Вот так и ходил везде батюшка Климентий, беседовал с людьми. Рассказывал и про себя, что раньше тоже был безбожник и как на него напустились бесы и замучили чуть не до смерти, и только в ограде Церкви он спасся от лютых врагов.
Призывающая Божия Благодать помогала ему. Люди задумывались над своей жизнью, некоторые оставили пьянство. Понемногу народ стал приходить в храм на службу. Матушка Сонька подобрала и составила клиросный хор и теперь в богослужение вливались гармоничные распевы.
Однажды батюшка Климентий решил осмотреть подвалы храма. Спустившись с Сонькой по крутой лесенке, они обнаружили сводчатый, совершенно сухой подвал со склепом, сооруженным под алтарем. В нем покоились родители великого полководца и строителя этого храма, почившие еще в восемнадцатом веке в царствование императрицы Екатерины Великой. Съеденный ржавчиной замок рассыпался в мощных ладонях батюшки.
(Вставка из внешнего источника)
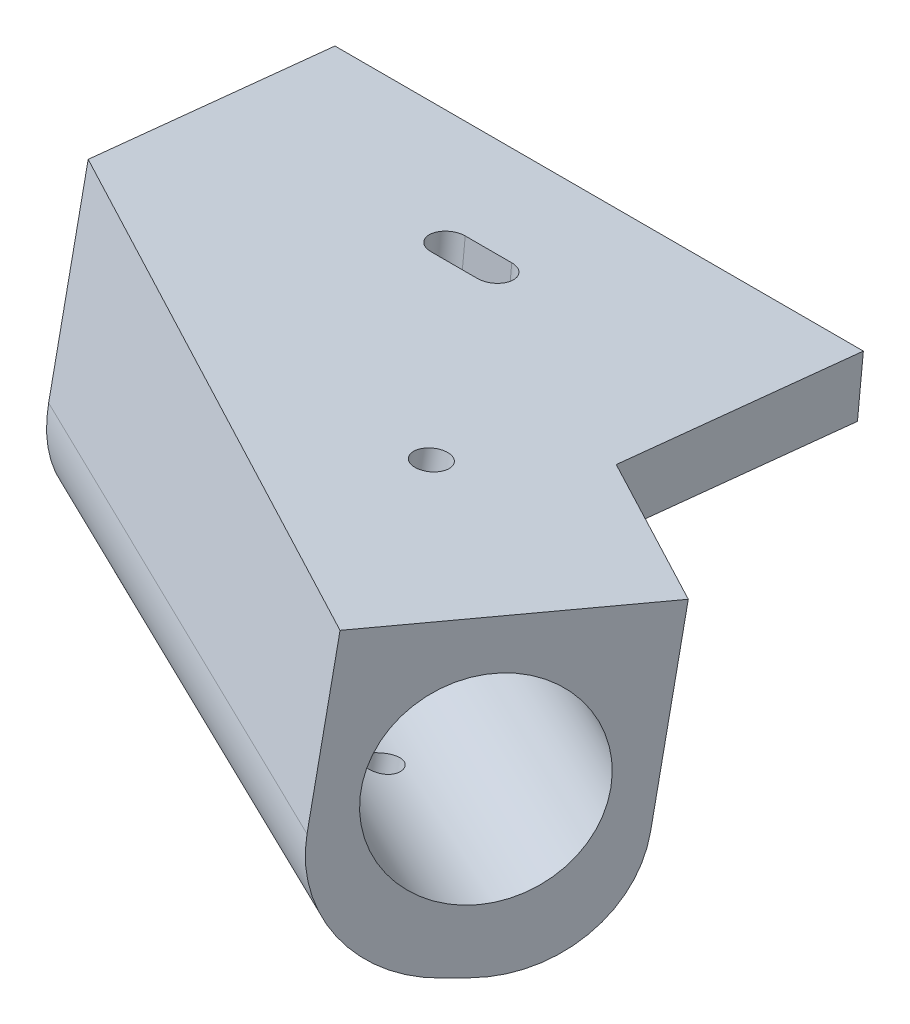
ISO-10303-21;
HEADER;
FILE_DESCRIPTION(('STEP AP214'),'2;1');
FILE_NAME('part.step','',(''),(''),'','','');
FILE_SCHEMA(('AUTOMOTIVE_DESIGN { 1 0 10303 214 1 1 1 1 }'));
ENDSEC;
DATA;
#1=APPLICATION_CONTEXT('core data for automotive mechanical design processes');
#2=APPLICATION_PROTOCOL_DEFINITION('international standard','automotive_design',2000,#1);
#3=PRODUCT_CONTEXT('',#1,'mechanical');
#4=PRODUCT('Part','Part','',(#3));
#5=PRODUCT_RELATED_PRODUCT_CATEGORY('part','',(#4));
#6=PRODUCT_DEFINITION_FORMATION('','',#4);
#7=PRODUCT_DEFINITION_CONTEXT('part definition',#1,'design');
#8=PRODUCT_DEFINITION('design','',#6,#7);
#9=PRODUCT_DEFINITION_SHAPE('','',#8);
#10=(LENGTH_UNIT() NAMED_UNIT(*) SI_UNIT(.MILLI.,.METRE.));
#11=(NAMED_UNIT(*) PLANE_ANGLE_UNIT() SI_UNIT($,.RADIAN.));
#12=(NAMED_UNIT(*) SI_UNIT($,.STERADIAN.) SOLID_ANGLE_UNIT());
#13=UNCERTAINTY_MEASURE_WITH_UNIT(LENGTH_MEASURE(1.E-05),#10,'distance_accuracy_value','');
#14=(GEOMETRIC_REPRESENTATION_CONTEXT(3) GLOBAL_UNCERTAINTY_ASSIGNED_CONTEXT((#13)) GLOBAL_UNIT_ASSIGNED_CONTEXT((#10,
#11,#12)) REPRESENTATION_CONTEXT('',''));
#15=CARTESIAN_POINT('',(0.,0.,0.));
#16=DIRECTION('',(0.,0.,1.));
#17=DIRECTION('',(1.,0.,0.));
#18=AXIS2_PLACEMENT_3D('',#15,#16,#17);
#19=CARTESIAN_POINT('',(32.8860228934979,-32.1671073067787,5.94942950250736));
#20=DIRECTION('',(-1.,0.,0.));
#21=DIRECTION('',(0.,0.202445469765825,0.979293537082368));
#22=AXIS2_PLACEMENT_3D('',#19,#20,#21);
#23=PLANE('',#22);
#24=DIRECTION('',(0.,0.101750830261066,0.994809915783505));
#25=VECTOR('',#24,1.);
#26=CARTESIAN_POINT('',(32.8860228934979,-3.35273767131856,0.34292364429795));
#27=LINE('',#26,#25);
#28=CARTESIAN_POINT('',(32.8860228934979,-2.93965703936323,4.38158070127646));
#29=VERTEX_POINT('',#28);
#30=CARTESIAN_POINT('',(32.8860228934979,-0.768702373713808,25.606834810391));
#31=VERTEX_POINT('',#30);
#32=EDGE_CURVE('E261',#29,#31,#27,.T.);
#33=ORIENTED_EDGE('',*,*,#32,.T.);
#34=DIRECTION('',(0.,0.979293537082368,-0.202445469765825));
#35=VECTOR('',#34,1.);
#36=CARTESIAN_POINT('',(32.8860228934979,-26.9831196043732,31.0260373374591));
#37=LINE('',#36,#35);
#38=CARTESIAN_POINT('',(32.8860228934979,-17.1901842335495,29.0015826398008));
#39=VERTEX_POINT('',#38);
#40=EDGE_CURVE('E331',#39,#31,#37,.T.);
#41=ORIENTED_EDGE('',*,*,#40,.F.);
#42=CARTESIAN_POINT('',(32.8860228934979,-14.8748820548213,40.2014403725721));
#43=DIRECTION('',(1.,0.,0.));
#44=DIRECTION('',(0.,0.202445469765825,0.979293537082368));
#45=AXIS2_PLACEMENT_3D('',#42,#43,#44);
#46=ELLIPSE('',#45,11.4366707311673,10.);
#47=CARTESIAN_POINT('',(32.8860228934979,-24.6678174256449,42.2258950702303));
#48=VERTEX_POINT('',#47);
#49=EDGE_CURVE('E459',#48,#39,#46,.T.);
#50=ORIENTED_EDGE('',*,*,#49,.F.);
#51=DIRECTION('',(0.,-0.202445469765825,-0.979293537082368));
#52=VECTOR('',#51,1.);
#53=CARTESIAN_POINT('',(32.8860228934979,-32.1671073067787,5.94942950250736));
#54=LINE('',#53,#52);
#55=CARTESIAN_POINT('',(32.8860228934979,-27.8092808682838,27.0296308618222));
#56=VERTEX_POINT('',#55);
#57=EDGE_CURVE('E324',#48,#56,#54,.T.);
#58=ORIENTED_EDGE('',*,*,#57,.T.);
#59=DIRECTION('',(0.,-0.994809915783505,0.101750830261066));
#60=VECTOR('',#59,1.);
#61=CARTESIAN_POINT('',(32.8860228934979,-4.25737810546047,24.6207026612445));
#62=LINE('',#61,#60);
#63=CARTESIAN_POINT('',(32.8860228934979,-5.87869001305944,24.7865331682519));
#64=VERTEX_POINT('',#63);
#65=EDGE_CURVE('E290',#64,#56,#62,.T.);
#66=ORIENTED_EDGE('',*,*,#65,.F.);
#67=DIRECTION('',(0.,0.101750830261066,0.994809915783505));
#68=VECTOR('',#67,1.);
#69=CARTESIAN_POINT('',(32.8860228934979,-8.32678725023608,0.851677795603279));
#70=LINE('',#69,#68);
#71=CARTESIAN_POINT('',(32.8860228934979,-7.91370661828075,4.89033485258179));
#72=VERTEX_POINT('',#71);
#73=EDGE_CURVE('E230',#72,#64,#70,.T.);
#74=ORIENTED_EDGE('',*,*,#73,.F.);
#75=DIRECTION('',(0.,-0.994809915783505,0.101750830261066));
#76=VECTOR('',#75,1.);
#77=CARTESIAN_POINT('',(32.8860228934979,80.6243758864512,-4.16548904065305));
#78=LINE('',#77,#76);
#79=EDGE_CURVE('E213',#29,#72,#78,.T.);
#80=ORIENTED_EDGE('',*,*,#79,.F.);
#81=EDGE_LOOP('',(#33,#41,#50,#58,#66,#74,#80));
#82=FACE_BOUND('',#81,.T.);
#83=ADVANCED_FACE('F102',(#82),#23,.F.);
#84=CARTESIAN_POINT('',(-12.5,-32.1671073067787,5.94942950250736));
#85=DIRECTION('',(-1.,0.,0.));
#86=DIRECTION('',(0.,0.202445469765825,0.979293537082368));
#87=AXIS2_PLACEMENT_3D('',#84,#85,#86);
#88=PLANE('',#87);
#89=DIRECTION('',(0.,-0.994809915783505,0.101750830261066));
#90=VECTOR('',#89,1.);
#91=CARTESIAN_POINT('',(-12.5,80.6243758864512,-4.16548904065305));
#92=LINE('',#91,#90);
#93=CARTESIAN_POINT('',(-12.5,-2.93965703936324,4.38158070127646));
#94=VERTEX_POINT('',#93);
#95=CARTESIAN_POINT('',(-12.5,-7.91370661828075,4.89033485258179));
#96=VERTEX_POINT('',#95);
#97=EDGE_CURVE('E212',#94,#96,#92,.T.);
#98=ORIENTED_EDGE('',*,*,#97,.T.);
#99=DIRECTION('',(0.,-0.101750830261066,-0.994809915783505));
#100=VECTOR('',#99,1.);
#101=CARTESIAN_POINT('',(-12.5,-8.05760323230686,3.48346890255901));
#102=LINE('',#101,#100);
#103=CARTESIAN_POINT('',(-12.5,-5.87869001305944,24.7865331682519));
#104=VERTEX_POINT('',#103);
#105=EDGE_CURVE('E221',#104,#96,#102,.T.);
#106=ORIENTED_EDGE('',*,*,#105,.F.);
#107=DIRECTION('',(0.,0.994809915783505,-0.101750830261066));
#108=VECTOR('',#107,1.);
#109=CARTESIAN_POINT('',(-12.5,-29.9881940875313,27.2524937682002));
#110=LINE('',#109,#108);
#111=CARTESIAN_POINT('',(-12.5,-25.247272851564,26.7675843756536));
#112=VERTEX_POINT('',#111);
#113=EDGE_CURVE('E229',#112,#104,#110,.T.);
#114=ORIENTED_EDGE('',*,*,#113,.F.);
#115=CARTESIAN_POINT('',(-12.5,-19.5108506111264,17.775776560197));
#116=DIRECTION('',(1.,0.,0.));
#117=DIRECTION('',(0.,-0.202445469765825,-0.979293537082368));
#118=AXIS2_PLACEMENT_3D('',#115,#116,#117);
#119=ELLIPSE('',#118,11.4366707311673,10.);
#120=CARTESIAN_POINT('',(-12.5,-17.1955484323982,28.9756342929683));
#121=VERTEX_POINT('',#120);
#122=EDGE_CURVE('E439',#121,#112,#119,.T.);
#123=ORIENTED_EDGE('',*,*,#122,.F.);
#124=DIRECTION('',(0.,0.979293537082368,-0.202445469765825));
#125=VECTOR('',#124,1.);
#126=CARTESIAN_POINT('',(-12.5,-26.9884838032219,31.0000889906265));
#127=LINE('',#126,#125);
#128=CARTESIAN_POINT('',(-12.5,-0.771412532034564,25.5803378042841));
#129=VERTEX_POINT('',#128);
#130=EDGE_CURVE('E328',#121,#129,#127,.T.);
#131=ORIENTED_EDGE('',*,*,#130,.T.);
#132=DIRECTION('',(0.,0.101750830261066,0.994809915783505));
#133=VECTOR('',#132,1.);
#134=CARTESIAN_POINT('',(-12.5,-3.35273767131856,0.34292364429795));
#135=LINE('',#134,#133);
#136=EDGE_CURVE('E236',#94,#129,#135,.T.);
#137=ORIENTED_EDGE('',*,*,#136,.F.);
#138=EDGE_LOOP('',(#98,#106,#114,#123,#131,#137));
#139=FACE_BOUND('',#138,.T.);
#140=ADVANCED_FACE('F233',(#139),#88,.T.);
#141=CARTESIAN_POINT('',(-13.7966008938304,-27.1341543230706,30.2954340591219));
#142=DIRECTION('',(-0.4852412054872,0.177014337935007,0.856275012284465));
#143=DIRECTION('',(0.87438033629384,0.0982348837945916,0.475193576459672));
#144=AXIS2_PLACEMENT_3D('',#141,#142,#143);
#145=PLANE('',#144);
#146=ORIENTED_EDGE('',*,*,#130,.F.);
#147=DIRECTION('',(-0.87438033629384,-0.0982348837945916,-0.475193576459672));
#148=VECTOR('',#147,1.);
#149=CARTESIAN_POINT('',(-13.7966008938304,-17.3412189522469,28.2709793614637));
#150=LINE('',#149,#148);
#151=CARTESIAN_POINT('',(36.1117302642888,-11.7341176621142,55.3943230527043));
#152=VERTEX_POINT('',#151);
#153=EDGE_CURVE('E456',#152,#121,#150,.T.);
#154=ORIENTED_EDGE('',*,*,#153,.F.);
#155=DIRECTION('',(0.,0.979293537082368,-0.202445469765825));
#156=VECTOR('',#155,1.);
#157=CARTESIAN_POINT('',(36.1117302642888,-21.5270530329379,57.4187777503626));
#158=LINE('',#157,#156);
#159=CARTESIAN_POINT('',(36.1117302642888,1.98787034741878,52.5576308827679));
#160=VERTEX_POINT('',#159);
#161=EDGE_CURVE('E339',#152,#160,#158,.T.);
#162=ORIENTED_EDGE('',*,*,#161,.T.);
#163=DIRECTION('',(0.873305406716937,0.0495702712943399,0.484644668600379));
#164=VECTOR('',#163,1.);
#165=CARTESIAN_POINT('',(-12.6344807988802,-0.779045886452259,25.5057070946777));
#166=LINE('',#165,#164);
#167=EDGE_CURVE('E281',#129,#160,#166,.T.);
#168=ORIENTED_EDGE('',*,*,#167,.F.);
#169=EDGE_LOOP('',(#146,#154,#162,#168));
#170=FACE_BOUND('',#169,.T.);
#171=ADVANCED_FACE('F409',(#170),#145,.T.);
#172=CARTESIAN_POINT('',(49.9083311581193,-26.560006016646,33.072773193748));
#173=DIRECTION('',(-0.87438033629384,-0.0982348837945916,-0.475193576459672));
#174=DIRECTION('',(-0.4852412054872,0.177014337935007,0.856275012284465));
#175=AXIS2_PLACEMENT_3D('',#172,#173,#174);
#176=PLANE('',#175);
#177=CARTESIAN_POINT('',(41.449383524648,-10.7433947681522,45.3679615082777));
#178=DIRECTION('',(-0.87438033629384,-0.0982348837945917,-0.475193576459672));
#179=DIRECTION('',(0.4852412054872,-0.177014337935007,-0.856275012284465));
#180=AXIS2_PLACEMENT_3D('',#177,#178,#179);
#181=CIRCLE('',#180,8.);
#182=CARTESIAN_POINT('',(45.3313131685456,-12.1595094716322,38.517761410002));
#183=VERTEX_POINT('',#182);
#184=EDGE_CURVE('E315',#183,#183,#181,.T.);
#185=ORIENTED_EDGE('',*,*,#184,.T.);
#186=EDGE_LOOP('',(#185));
#187=FACE_BOUND('',#186,.T.);
#188=DIRECTION('',(-0.483312222264139,0.0890775663773451,0.870904405189449));
#189=VECTOR('',#188,1.);
#190=CARTESIAN_POINT('',(48.7650808657222,-0.344223951406977,29.7569271729155));
#191=LINE('',#190,#189);
#192=CARTESIAN_POINT('',(46.7870367850072,0.0203423574518672,33.3212634843033));
#193=VERTEX_POINT('',#192);
#194=EDGE_CURVE('E278',#193,#160,#191,.T.);
#195=ORIENTED_EDGE('',*,*,#194,.T.);
#196=ORIENTED_EDGE('',*,*,#161,.F.);
#197=CARTESIAN_POINT('',(40.9641423191608,-13.5042610414643,46.8315729298596));
#198=DIRECTION('',(0.87438033629384,0.0982348837945916,0.475193576459672));
#199=DIRECTION('',(-0.4852412054872,0.177014337935007,0.856275012284465));
#200=AXIS2_PLACEMENT_3D('',#197,#198,#199);
#201=CIRCLE('',#200,10.);
#202=CARTESIAN_POINT('',(40.9641423191608,-23.2971964122879,48.8560276275179));
#203=VERTEX_POINT('',#202);
#204=EDGE_CURVE('E440',#203,#152,#201,.F.);
#205=ORIENTED_EDGE('',*,*,#204,.F.);
#206=DIRECTION('',(0.4852412054872,-0.177014337935007,-0.856275012284465));
#207=VECTOR('',#206,1.);
#208=CARTESIAN_POINT('',(49.9083311581193,-26.560006016646,33.072773193748));
#209=LINE('',#208,#207);
#210=CARTESIAN_POINT('',(41.9346247301352,-23.651225088158,47.1434776029489));
#211=VERTEX_POINT('',#210);
#212=EDGE_CURVE('E319',#203,#211,#209,.T.);
#213=ORIENTED_EDGE('',*,*,#212,.T.);
#214=CARTESIAN_POINT('',(41.9346247301352,-13.8582897173343,45.1190229052907));
#215=DIRECTION('',(0.87438033629384,0.0982348837945916,0.475193576459672));
#216=DIRECTION('',(-0.4852412054872,0.177014337935007,0.856275012284465));
#217=AXIS2_PLACEMENT_3D('',#214,#215,#216);
#218=CIRCLE('',#217,10.);
#219=CARTESIAN_POINT('',(46.7870367850072,-15.6284330966844,36.5562727824461));
#220=VERTEX_POINT('',#219);
#221=EDGE_CURVE('E432',#220,#211,#218,.F.);
#222=ORIENTED_EDGE('',*,*,#221,.F.);
#223=DIRECTION('',(0.,0.979293537082368,-0.202445469765825));
#224=VECTOR('',#223,1.);
#225=CARTESIAN_POINT('',(46.7870367850072,-25.421368467508,38.5807274801043));
#226=LINE('',#225,#224);
#227=EDGE_CURVE('E335',#220,#193,#226,.T.);
#228=ORIENTED_EDGE('',*,*,#227,.T.);
#229=EDGE_LOOP('',(#195,#196,#205,#213,#222,#228));
#230=FACE_BOUND('',#229,.T.);
#231=ADVANCED_FACE('F416',(#187,#230),#176,.F.);
#232=CARTESIAN_POINT('',(-3.12129437311202,-31.0284697576407,11.4573837888637));
#233=DIRECTION('',(-0.4852412054872,0.177014337935007,0.856275012284465));
#234=DIRECTION('',(0.87438033629384,0.0982348837945917,0.475193576459672));
#235=AXIS2_PLACEMENT_3D('',#232,#233,#234);
#236=PLANE('',#235);
#237=DIRECTION('',(0.873305406716937,0.0495702712943399,0.484644668600379));
#238=VECTOR('',#237,1.);
#239=CARTESIAN_POINT('',(-1.87400001915178,-2.74173924343288,6.3166075251006));
#240=LINE('',#239,#238);
#241=EDGE_CURVE('E275',#31,#193,#240,.T.);
#242=ORIENTED_EDGE('',*,*,#241,.T.);
#243=ORIENTED_EDGE('',*,*,#227,.F.);
#244=DIRECTION('',(-0.87438033629384,-0.0982348837945917,-0.475193576459672));
#245=VECTOR('',#244,1.);
#246=CARTESIAN_POINT('',(46.7870367850073,-15.6284330966844,36.5562727824461));
#247=LINE('',#246,#245);
#248=EDGE_CURVE('E435',#39,#220,#247,.F.);
#249=ORIENTED_EDGE('',*,*,#248,.F.);
#250=ORIENTED_EDGE('',*,*,#40,.T.);
#251=EDGE_LOOP('',(#242,#243,#249,#250));
#252=FACE_BOUND('',#251,.T.);
#253=ADVANCED_FACE('F413',(#252),#236,.F.);
#254=CARTESIAN_POINT('',(25.4666104281439,10.9640174975764,31.8232204747472));
#255=DIRECTION('',(0.,-0.979293537082368,0.202445469765825));
#256=DIRECTION('',(0.,0.202445469765825,0.979293537082368));
#257=AXIS2_PLACEMENT_3D('',#254,#255,#256);
#258=CYLINDRICAL_SURFACE('',#257,1.4);
#259=CARTESIAN_POINT('',(25.4666104281439,-4.51351566264441,36.4524315333062));
#260=CARTESIAN_POINT('',(25.3888690029519,-4.51923541028958,36.4536112408978));
#261=CARTESIAN_POINT('',(25.3110447879543,-4.52568252216547,36.4483154232182));
#262=CARTESIAN_POINT('',(25.1574172570725,-4.53942452311229,36.4247566637036));
#263=CARTESIAN_POINT('',(25.0816154074309,-4.54672000777493,36.4064845654773));
#264=CARTESIAN_POINT('',(24.9342135941386,-4.56166637750988,36.3573762516521));
#265=CARTESIAN_POINT('',(24.8626141919792,-4.56931730983018,36.3265383614832));
#266=CARTESIAN_POINT('',(24.725712792616,-4.58464748765323,36.2531510865379));
#267=CARTESIAN_POINT('',(24.6604097000422,-4.592326727989,36.2106037438393));
#268=CARTESIAN_POINT('',(24.5383354090472,-4.60753828714821,36.1153503024272));
#269=CARTESIAN_POINT('',(24.4815138156864,-4.61507122174486,36.0627088338262));
#270=CARTESIAN_POINT('',(24.3774773562785,-4.63009888298748,35.9486575032017));
#271=CARTESIAN_POINT('',(24.3302632396606,-4.63759360660838,35.8872469577835));
#272=CARTESIAN_POINT('',(24.2463684522958,-4.6528142844096,35.756945179514));
#273=CARTESIAN_POINT('',(24.2097735542816,-4.66054159367429,35.6879989059906));
#274=CARTESIAN_POINT('',(24.1485778572513,-4.67648324084597,35.5450245770534));
#275=CARTESIAN_POINT('',(24.1239780610326,-4.68469761940785,35.4709960973543));
#276=CARTESIAN_POINT('',(24.0871946290021,-4.70206622655803,35.3189921313052));
#277=CARTESIAN_POINT('',(24.0751753358094,-4.71123121674638,35.240978035087));
#278=CARTESIAN_POINT('',(24.0644799477519,-4.7307196860457,35.0841810466736));
#279=CARTESIAN_POINT('',(24.0658036620954,-4.74104314858958,35.0053981654873));
#280=CARTESIAN_POINT('',(24.0817908361318,-4.76301772090585,34.8495366214618));
#281=CARTESIAN_POINT('',(24.0964286834333,-4.77466624403088,34.7724549774527));
#282=CARTESIAN_POINT('',(24.1386370994661,-4.79931580595603,34.622146467107));
#283=CARTESIAN_POINT('',(24.1662064491943,-4.81231671718185,34.548919238153));
#284=CARTESIAN_POINT('',(24.2330421872969,-4.83927874711554,34.4094542221637));
#285=CARTESIAN_POINT('',(24.2721464780163,-4.85322462176164,34.3431357608631));
#286=CARTESIAN_POINT('',(24.3610538382344,-4.88180965843443,34.2182794978588));
#287=CARTESIAN_POINT('',(24.4108566337147,-4.89644880269707,34.1597414969382));
#288=CARTESIAN_POINT('',(24.5194900209297,-4.92574617273548,34.0522725040176));
#289=CARTESIAN_POINT('',(24.5782824142269,-4.94040406905396,34.0033027715406));
#290=CARTESIAN_POINT('',(24.7033877500156,-4.96904820214414,33.9159098889856));
#291=CARTESIAN_POINT('',(24.7697012367136,-4.98303439020846,33.8774875027745));
#292=CARTESIAN_POINT('',(24.9088201571713,-5.00964542499931,33.8117250214003));
#293=CARTESIAN_POINT('',(24.981690963235,-5.02225294079198,33.7845162150082));
#294=CARTESIAN_POINT('',(25.1312757673971,-5.0450270188976,33.742423163848));
#295=CARTESIAN_POINT('',(25.207990033173,-5.05519341091224,33.7275397787518));
#296=CARTESIAN_POINT('',(25.3639361586117,-5.07231983774783,33.7103158334795));
#297=CARTESIAN_POINT('',(25.4431852549858,-5.07924770131713,33.7080987651855));
#298=CARTESIAN_POINT('',(25.6012512775661,-5.0890070042556,33.7165332116505));
#299=CARTESIAN_POINT('',(25.6800682267512,-5.09183866357991,33.7271840353819));
#300=CARTESIAN_POINT('',(25.8344495394047,-5.09288276196664,33.7608905040658));
#301=CARTESIAN_POINT('',(25.910033096405,-5.09112801235073,33.7838571056994));
#302=CARTESIAN_POINT('',(26.0563349480998,-5.08285627228757,33.8414573416598));
#303=CARTESIAN_POINT('',(26.1270536873803,-5.07633971764655,33.8760899081469));
#304=CARTESIAN_POINT('',(26.2606680726947,-5.05879591002937,33.9554760923534));
#305=CARTESIAN_POINT('',(26.323654319168,-5.04782906475659,34.0000907115846));
#306=CARTESIAN_POINT('',(26.4410989513627,-5.02185119401303,34.0984322959918));
#307=CARTESIAN_POINT('',(26.4955572151439,-5.00684011072275,34.1521593914427));
#308=CARTESIAN_POINT('',(26.5945335940939,-4.97349605599359,34.267347568976));
#309=CARTESIAN_POINT('',(26.6390362488292,-4.95515799684754,34.3288204515378));
#310=CARTESIAN_POINT('',(26.7168215047837,-4.91613841992656,34.45782381923));
#311=CARTESIAN_POINT('',(26.7501031215183,-4.89545669674138,34.5253548352167));
#312=CARTESIAN_POINT('',(26.8049525178785,-4.85254782606972,34.6657220167512));
#313=CARTESIAN_POINT('',(26.8263524963752,-4.8303033048629,34.7386184815316));
#314=CARTESIAN_POINT('',(26.8561376764425,-4.78571546361696,34.8869979143445));
#315=CARTESIAN_POINT('',(26.8645224239256,-4.76337214015802,34.9624809725264));
#316=CARTESIAN_POINT('',(26.8680182069458,-4.71964074571061,35.1144198903215));
#317=CARTESIAN_POINT('',(26.8630667534125,-4.69825765076552,35.1908786530492));
#318=CARTESIAN_POINT('',(26.839843777939,-4.65762268148988,35.3423257636647));
#319=CARTESIAN_POINT('',(26.8215733353336,-4.63837063461058,35.4173142301957));
#320=CARTESIAN_POINT('',(26.7724815783239,-4.60306695173008,35.5628594276925));
#321=CARTESIAN_POINT('',(26.7418052093067,-4.58698144146532,35.6334568279815));
#322=CARTESIAN_POINT('',(26.6687803056013,-4.55832791160076,35.7691055683943));
#323=CARTESIAN_POINT('',(26.6264328152624,-4.54575957748149,35.8341574040618));
#324=CARTESIAN_POINT('',(26.5317673912658,-4.52453465559198,35.9562305638363));
#325=CARTESIAN_POINT('',(26.4795500909632,-4.51584132833253,36.0133236227718));
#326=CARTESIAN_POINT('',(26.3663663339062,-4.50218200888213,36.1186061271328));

Со скрипом отворили массивные створчатые двери. Дрожащая от страха Сонька светила фонариком. Пыль и паутина свисали с потолка серыми гирляндами. На каменном постаменте, покрытые толстым слоем пыли и обложенные тусклыми серебряными венками, стояли два старинных гроба на дубовых ножках-балясинках, с массивными кистями по углам, покрытые истлевшей парчой. Батюшка поддел стамеской крышку гроба и снял истлевшую пелену. Перед ним открылся труп старика в парике с коричневым высохшим лицом, тонким носом и запавшим беззубым ртом. Покойник был в мундире генерал-аншефа екатерининских времен. Высохшая коричневая кисть руки сжимала позолоченный эфес шпаги, грудь опоясывала красная муаровая лента с орденской звездой на боку.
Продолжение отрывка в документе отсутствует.